2007年 第19問 設問2では、機能部門別組織で研究開発、製造、営業の接続が弱いケースが出ました。部門間の情報共有と、社長を含めた部長同士の直接会合が有効策でした。複雑な調整では、メールや報告書だけでなく、対面の相互調整が必要です。

2008年 第12問では、職務設計、多能工化、標準化が問われました。多能工化と品質管理を一体化すると、生産数量の変化に柔軟に対応しながら品質を維持しやすくなります。職務拡大、職務充実、エンパワーメントの違いがポイントです。

2010年 第13問 設問1では、部門別の目標管理が部分最適を生むケースが出ました。市場シェアを追う部門と、コスト管理を追う部門がそれぞれ合理的に動いても、全社利益率を悪化させることがあります。

2012年 第12問では、標準化の種類が問われました。教育訓練や社会化を通じて労働力そのものを標準化すると、分業を調整しやすくなります。プロセス、アウトプット、スキルの標準化を区別します。

2013年 第11問では、新製品開発のような相互補完的相互依存に対して、機能横断的チームや非公式の対面的コミュニケーションが重要だと問われました。

2014年 第14問では、官僚的コントロール、市場コントロール、クラン・コントロールが問われました。不確実性が高く、手順や成果を明確に定めにくい環境では、共有価値観による調整が重要です。

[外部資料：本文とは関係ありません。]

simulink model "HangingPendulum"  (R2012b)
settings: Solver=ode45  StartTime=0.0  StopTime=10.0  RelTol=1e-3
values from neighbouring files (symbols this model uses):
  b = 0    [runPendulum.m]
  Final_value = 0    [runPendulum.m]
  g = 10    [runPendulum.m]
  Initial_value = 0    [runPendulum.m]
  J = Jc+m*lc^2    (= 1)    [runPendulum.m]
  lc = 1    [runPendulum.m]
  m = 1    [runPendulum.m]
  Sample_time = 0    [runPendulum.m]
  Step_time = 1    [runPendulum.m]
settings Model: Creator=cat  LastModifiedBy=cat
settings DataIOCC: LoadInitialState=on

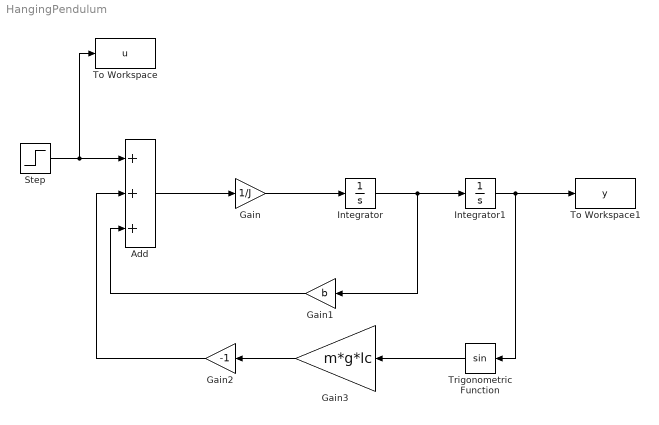
== system HangingPendulum ==
  Add : Sum  Inputs=+++
  Gain : Gain  Gain=1/J
  Gain1 : Gain  Gain=b
  Gain2 : Gain  Gain=-1
  Gain3 : Gain  Gain=m*g*lc
  Integrator : Integrator
  Integrator1 : Integrator
  Step : Step  Time=Step_time  Before=Initial_value  After=Final_value  SampleTime=Sample_time
  To Workspace : ToWorkspace  VariableName=u  SampleTime=-1
  To Workspace1 : ToWorkspace  VariableName=y  SampleTime=-1
  Trigonometric Function : Trigonometry
  wires:
  Step/1 -> To Workspace/1, Add/1
  Add/1 -> Gain/1
  Gain/1 -> Integrator/1
  Integrator/1 -> Gain1/1, Integrator1/1
  Gain1/1 -> Add/3
  Trigonometric Function/1 -> Gain3/1
  Gain3/1 -> Gain2/1
  Gain2/1 -> Add/2
  Integrator1/1 -> To Workspace1/1, Trigonometric Function/1

2016年 第13問では、プールされた相互依存、連続的相互依存、相互補完的相互依存と調整方法の対応が問われました。調整の必要性は、プール、連続、相互補完の順に高まりやすいです。

2017年 第14問では、組織構造の設計要素が問われました。職務の専門化、部門化、指揮命令系統、集権化・分権化、公式化の基本定義を切り分けます。公式化が進むほど自由裁量は小さくなります。

2019年 第13問では、不確実性と多義性の違いが問われました。不確実性は情報量不足、多義性は意味解釈のずれです。多義性が高い場合は、フェイス・ツー・フェイスなどリッチなコミュニケーション媒体を使います。

2025年 第14問では、分業と調整そのものが正面から問われました。定型的な作業は標準化であらかじめ調整し、想定外の事態は上位層が事後的に対応する、という判断が正解でした。